(Saved data entries)
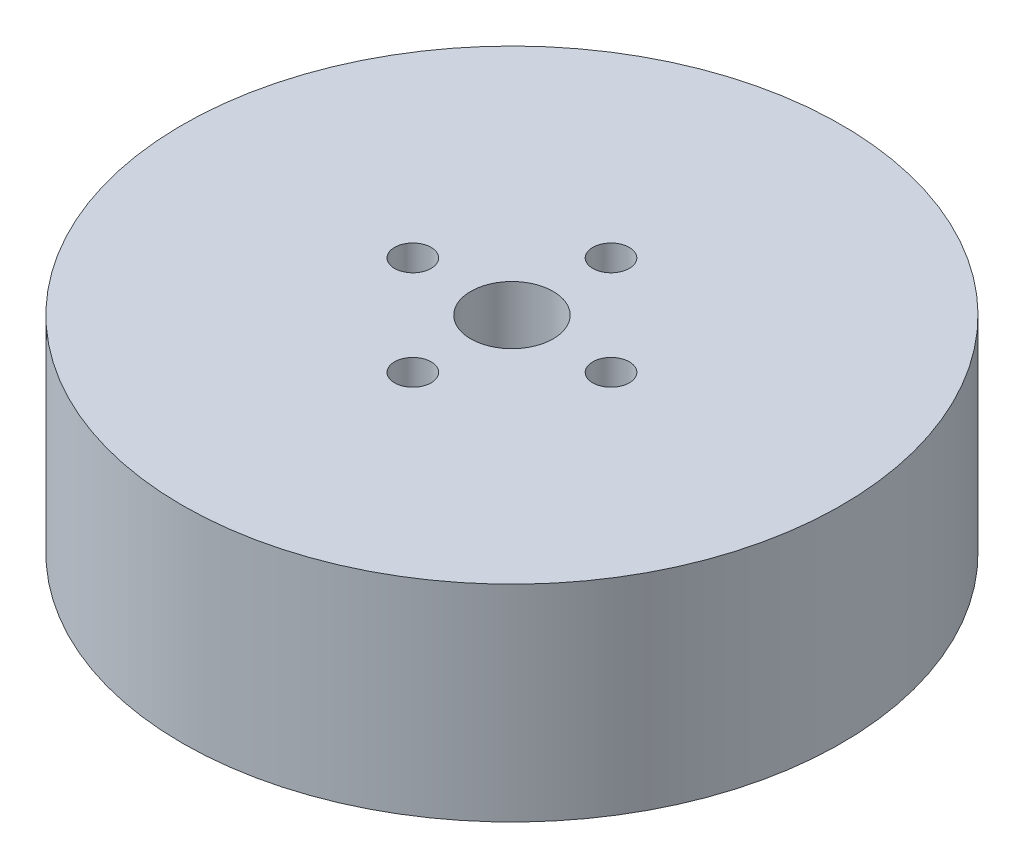
from build123d import *

# Parameters (mm, degrees)
SKETCH1_R           = 40
BOSS_EXTRUDE1_DEPTH = 25
SKETCH2_R           = 5
CUT_EXTRUDE1_DEPTH  = 62.846584384
SKETCH3_R           = 2.218400004
CUT_EXTRUDE2_DEPTH  = 18.74524742
CIRPATTERN1_COUNT   = 4


with BuildPart() as part:
    # Sketch1 → Boss-Extrude1 (new body)
    with BuildSketch(Plane(origin=(0, 0, 0), x_dir=(1, 0, 0), z_dir=(0, 1, 0))):
        Circle(SKETCH1_R)
    extrude(amount=BOSS_EXTRUDE1_DEPTH)

    # Sketch2 → Cut-Extrude1 (cut, through all)
    with BuildSketch(Plane(origin=(0, 0, 0), x_dir=(1, 0, 0), z_dir=(0, 1, 0))):
        Circle(SKETCH2_R)
    extrude(amount=CUT_EXTRUDE1_DEPTH, mode=Mode.SUBTRACT)

    # Sketch3 → Cut-Extrude2 (cut)
    with BuildSketch(Plane(origin=(0, 25, 0), x_dir=(1, 0, 0), z_dir=(0, 1, 0))):
        with Locations((-12.026302648, 0)):
            Circle(SKETCH3_R)
    cut_extrude2 = extrude(amount=-CUT_EXTRUDE2_DEPTH, mode=Mode.SUBTRACT)

    # CirPattern1: Cut-Extrude2 ×4 about axis
    cirpattern1_axis = Axis((0, 0, 0), (0, 1, 0))
    for i in range(1, CIRPATTERN1_COUNT):
        add(cut_extrude2.rotate(cirpattern1_axis, i * 360 / CIRPATTERN1_COUNT), mode=Mode.SUBTRACT)


solid = part.part

● AIM OF THE TASK:
Exactly as they appear, write out the lines from the one containing "Circle(SKETCH1_R)" through the final line of the entries above, both included.

● PROBLEM SOLUTION:
        Circle(SKETCH1_R)
    extrude(amount=BOSS_EXTRUDE1_DEPTH)

    # Sketch2 → Cut-Extrude1 (cut, through all)
    with BuildSketch(Plane(origin=(0, 0, 0), x_dir=(1, 0, 0), z_dir=(0, 1, 0))):
        Circle(SKETCH2_R)
    extrude(amount=CUT_EXTRUDE1_DEPTH, mode=Mode.SUBTRACT)

    # Sketch3 → Cut-Extrude2 (cut)
    with BuildSketch(Plane(origin=(0, 25, 0), x_dir=(1, 0, 0), z_dir=(0, 1, 0))):
        with Locations((-12.026302648, 0)):
            Circle(SKETCH3_R)
    cut_extrude2 = extrude(amount=-CUT_EXTRUDE2_DEPTH, mode=Mode.SUBTRACT)

    # CirPattern1: Cut-Extrude2 ×4 about axis
    cirpattern1_axis = Axis((0, 0, 0), (0, 1, 0))
    for i in range(1, CIRPATTERN1_COUNT):
        add(cut_extrude2.rotate(cirpattern1_axis, i * 360 / CIRPATTERN1_COUNT), mode=Mode.SUBTRACT)


solid = part.part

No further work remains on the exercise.